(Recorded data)
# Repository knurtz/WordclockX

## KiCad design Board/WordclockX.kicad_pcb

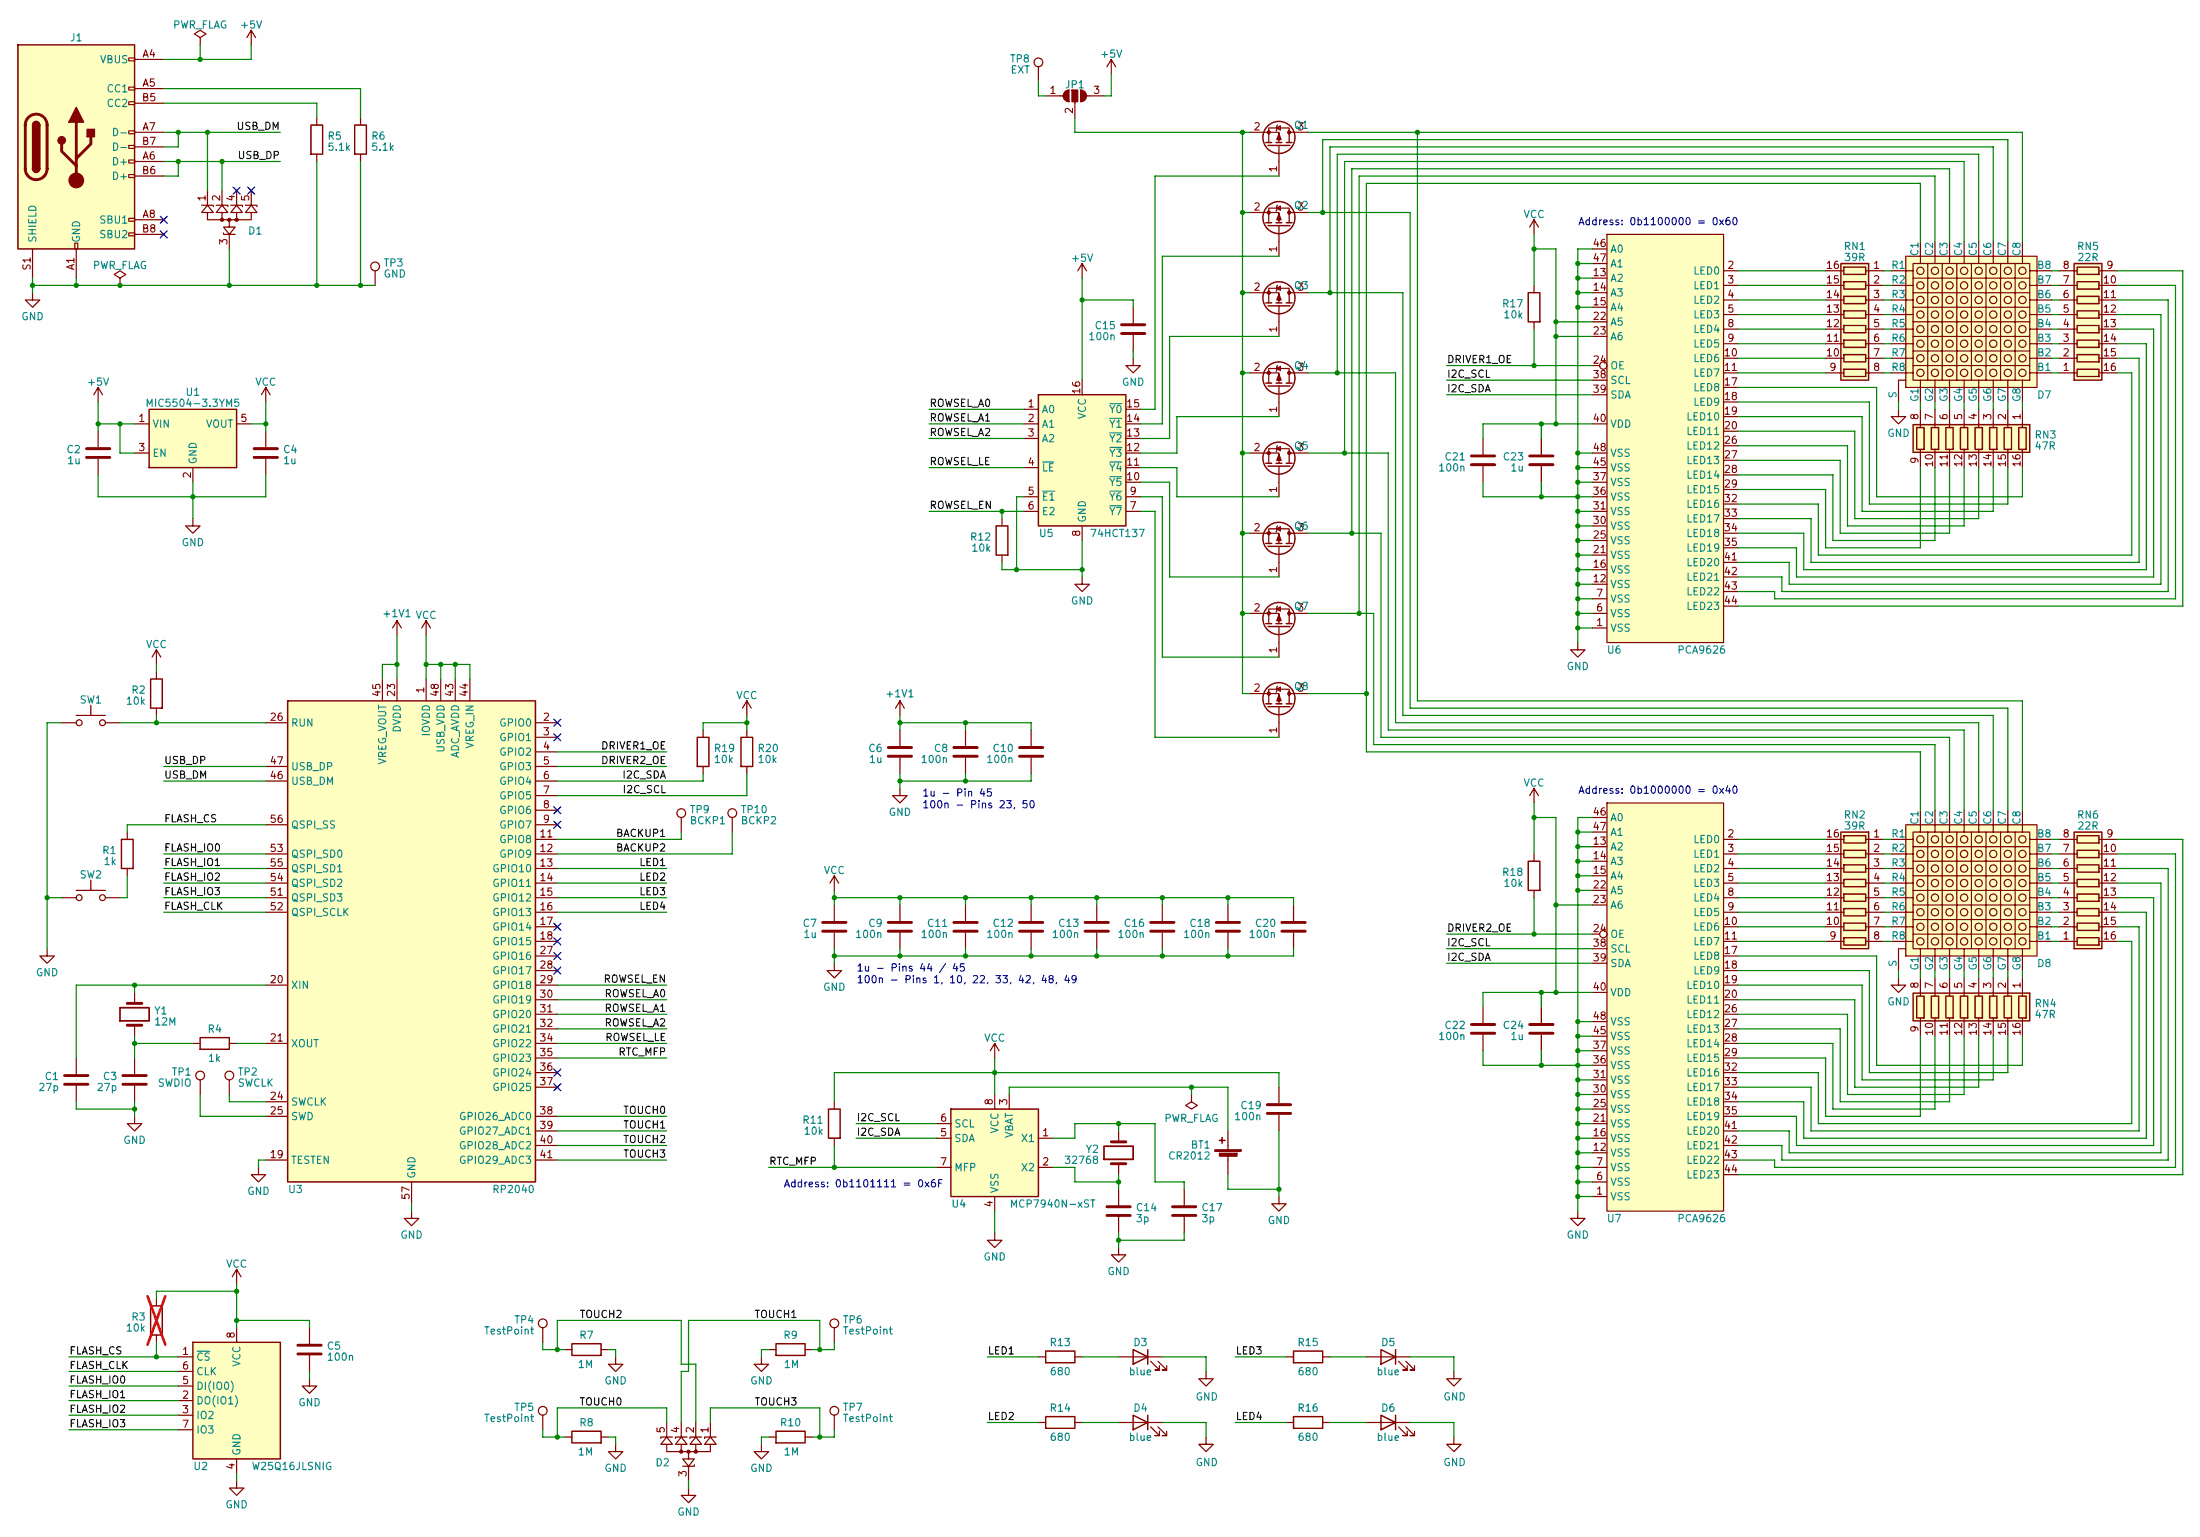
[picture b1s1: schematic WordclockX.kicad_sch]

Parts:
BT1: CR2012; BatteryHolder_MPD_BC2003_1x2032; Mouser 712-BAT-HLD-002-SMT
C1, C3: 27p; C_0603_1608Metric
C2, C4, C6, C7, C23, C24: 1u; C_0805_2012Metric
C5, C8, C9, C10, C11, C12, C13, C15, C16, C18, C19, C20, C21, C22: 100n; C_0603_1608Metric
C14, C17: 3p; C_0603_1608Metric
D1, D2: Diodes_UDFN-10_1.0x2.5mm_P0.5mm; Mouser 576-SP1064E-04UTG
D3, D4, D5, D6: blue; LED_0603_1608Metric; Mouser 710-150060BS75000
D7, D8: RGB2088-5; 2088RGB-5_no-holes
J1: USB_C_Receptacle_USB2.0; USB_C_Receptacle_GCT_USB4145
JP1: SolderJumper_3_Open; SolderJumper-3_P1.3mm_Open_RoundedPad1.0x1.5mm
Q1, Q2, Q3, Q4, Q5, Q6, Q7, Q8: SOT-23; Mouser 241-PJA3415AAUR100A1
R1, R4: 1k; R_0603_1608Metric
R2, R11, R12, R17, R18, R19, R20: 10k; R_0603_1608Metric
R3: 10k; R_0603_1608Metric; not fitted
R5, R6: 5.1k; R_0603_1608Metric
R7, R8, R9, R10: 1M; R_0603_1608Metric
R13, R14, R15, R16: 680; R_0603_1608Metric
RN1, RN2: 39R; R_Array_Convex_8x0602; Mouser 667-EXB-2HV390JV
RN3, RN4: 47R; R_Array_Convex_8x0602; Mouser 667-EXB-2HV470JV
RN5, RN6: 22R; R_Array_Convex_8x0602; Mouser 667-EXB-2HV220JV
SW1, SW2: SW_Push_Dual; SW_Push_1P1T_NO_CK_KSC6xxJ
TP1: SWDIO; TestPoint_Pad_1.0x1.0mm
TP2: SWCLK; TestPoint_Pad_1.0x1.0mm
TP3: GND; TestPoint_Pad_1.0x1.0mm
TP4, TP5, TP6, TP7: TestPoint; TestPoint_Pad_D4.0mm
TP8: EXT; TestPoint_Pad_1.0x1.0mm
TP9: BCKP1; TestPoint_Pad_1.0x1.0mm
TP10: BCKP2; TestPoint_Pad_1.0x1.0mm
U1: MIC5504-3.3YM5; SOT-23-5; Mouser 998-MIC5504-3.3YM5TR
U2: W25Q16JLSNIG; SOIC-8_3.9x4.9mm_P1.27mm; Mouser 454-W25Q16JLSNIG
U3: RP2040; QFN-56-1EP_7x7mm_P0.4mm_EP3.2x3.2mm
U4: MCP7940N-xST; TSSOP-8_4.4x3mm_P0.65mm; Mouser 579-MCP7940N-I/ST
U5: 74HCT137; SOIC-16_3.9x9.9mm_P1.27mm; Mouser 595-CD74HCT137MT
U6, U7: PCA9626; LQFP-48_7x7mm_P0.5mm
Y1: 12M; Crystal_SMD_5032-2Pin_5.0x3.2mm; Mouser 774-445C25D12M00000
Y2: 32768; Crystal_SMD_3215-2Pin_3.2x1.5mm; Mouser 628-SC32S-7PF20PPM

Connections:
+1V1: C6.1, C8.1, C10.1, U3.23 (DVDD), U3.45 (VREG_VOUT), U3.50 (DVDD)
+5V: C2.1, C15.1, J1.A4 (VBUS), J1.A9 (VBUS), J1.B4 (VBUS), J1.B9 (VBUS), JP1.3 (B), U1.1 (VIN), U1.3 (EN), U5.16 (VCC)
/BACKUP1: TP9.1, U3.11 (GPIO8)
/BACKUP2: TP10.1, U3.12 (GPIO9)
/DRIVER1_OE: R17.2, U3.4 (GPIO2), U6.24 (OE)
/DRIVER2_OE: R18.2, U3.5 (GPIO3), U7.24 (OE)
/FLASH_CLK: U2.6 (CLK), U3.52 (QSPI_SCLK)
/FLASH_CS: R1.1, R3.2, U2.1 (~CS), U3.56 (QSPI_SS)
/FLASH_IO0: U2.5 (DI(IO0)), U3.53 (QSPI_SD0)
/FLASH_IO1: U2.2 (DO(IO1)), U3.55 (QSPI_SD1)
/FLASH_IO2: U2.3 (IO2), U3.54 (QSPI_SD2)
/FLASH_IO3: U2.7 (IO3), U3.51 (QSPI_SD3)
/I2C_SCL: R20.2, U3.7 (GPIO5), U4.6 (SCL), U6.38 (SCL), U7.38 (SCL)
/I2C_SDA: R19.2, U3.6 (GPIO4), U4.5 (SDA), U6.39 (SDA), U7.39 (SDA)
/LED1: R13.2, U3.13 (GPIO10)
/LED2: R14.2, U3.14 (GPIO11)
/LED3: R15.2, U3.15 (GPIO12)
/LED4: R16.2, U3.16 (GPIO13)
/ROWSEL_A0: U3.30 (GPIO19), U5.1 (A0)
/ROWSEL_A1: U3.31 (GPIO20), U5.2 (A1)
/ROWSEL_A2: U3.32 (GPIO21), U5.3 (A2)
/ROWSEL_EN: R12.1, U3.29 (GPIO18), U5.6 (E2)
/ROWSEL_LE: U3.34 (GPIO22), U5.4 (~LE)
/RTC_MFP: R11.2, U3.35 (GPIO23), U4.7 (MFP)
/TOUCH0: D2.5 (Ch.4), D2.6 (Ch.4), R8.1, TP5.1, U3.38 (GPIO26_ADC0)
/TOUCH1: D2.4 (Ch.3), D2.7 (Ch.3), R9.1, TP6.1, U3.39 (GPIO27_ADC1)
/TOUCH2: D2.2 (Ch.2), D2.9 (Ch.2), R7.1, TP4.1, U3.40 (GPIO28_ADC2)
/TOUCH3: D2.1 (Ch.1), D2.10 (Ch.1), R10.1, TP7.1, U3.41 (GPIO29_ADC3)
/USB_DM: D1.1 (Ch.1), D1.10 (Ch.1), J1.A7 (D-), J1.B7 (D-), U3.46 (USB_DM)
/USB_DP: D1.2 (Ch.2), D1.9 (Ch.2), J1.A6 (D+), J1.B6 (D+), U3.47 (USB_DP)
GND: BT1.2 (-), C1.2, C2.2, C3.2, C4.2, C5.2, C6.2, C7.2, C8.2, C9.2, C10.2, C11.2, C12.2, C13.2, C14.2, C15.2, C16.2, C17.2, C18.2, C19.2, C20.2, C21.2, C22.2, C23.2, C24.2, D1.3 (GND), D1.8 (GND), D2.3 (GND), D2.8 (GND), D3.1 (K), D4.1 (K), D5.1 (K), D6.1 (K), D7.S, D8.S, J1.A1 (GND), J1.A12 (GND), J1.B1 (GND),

→ **Your task**: Transcribe nothing except the lines from the one with "R14.2, U3.14 (GPIO11)" through the end of the data above, each exactly as it appears.

→ **Problem solution**:
/LED2: R14.2, U3.14 (GPIO11)
/LED3: R15.2, U3.15 (GPIO12)
/LED4: R16.2, U3.16 (GPIO13)
/ROWSEL_A0: U3.30 (GPIO19), U5.1 (A0)
/ROWSEL_A1: U3.31 (GPIO20), U5.2 (A1)
/ROWSEL_A2: U3.32 (GPIO21), U5.3 (A2)
/ROWSEL_EN: R12.1, U3.29 (GPIO18), U5.6 (E2)
/ROWSEL_LE: U3.34 (GPIO22), U5.4 (~LE)
/RTC_MFP: R11.2, U3.35 (GPIO23), U4.7 (MFP)
/TOUCH0: D2.5 (Ch.4), D2.6 (Ch.4), R8.1, TP5.1, U3.38 (GPIO26_ADC0)
/TOUCH1: D2.4 (Ch.3), D2.7 (Ch.3), R9.1, TP6.1, U3.39 (GPIO27_ADC1)
/TOUCH2: D2.2 (Ch.2), D2.9 (Ch.2), R7.1, TP4.1, U3.40 (GPIO28_ADC2)
/TOUCH3: D2.1 (Ch.1), D2.10 (Ch.1), R10.1, TP7.1, U3.41 (GPIO29_ADC3)
/USB_DM: D1.1 (Ch.1), D1.10 (Ch.1), J1.A7 (D-), J1.B7 (D-), U3.46 (USB_DM)
/USB_DP: D1.2 (Ch.2), D1.9 (Ch.2), J1.A6 (D+), J1.B6 (D+), U3.47 (USB_DP)
GND: BT1.2 (-), C1.2, C2.2, C3.2, C4.2, C5.2, C6.2, C7.2, C8.2, C9.2, C10.2, C11.2, C12.2, C13.2, C14.2, C15.2, C16.2, C17.2, C18.2, C19.2, C20.2, C21.2, C22.2, C23.2, C24.2, D1.3 (GND), D1.8 (GND), D2.3 (GND), D2.8 (GND), D3.1 (K), D4.1 (K), D5.1 (K), D6.1 (K), D7.S, D8.S, J1.A1 (GND), J1.A12 (GND), J1.B1 (GND),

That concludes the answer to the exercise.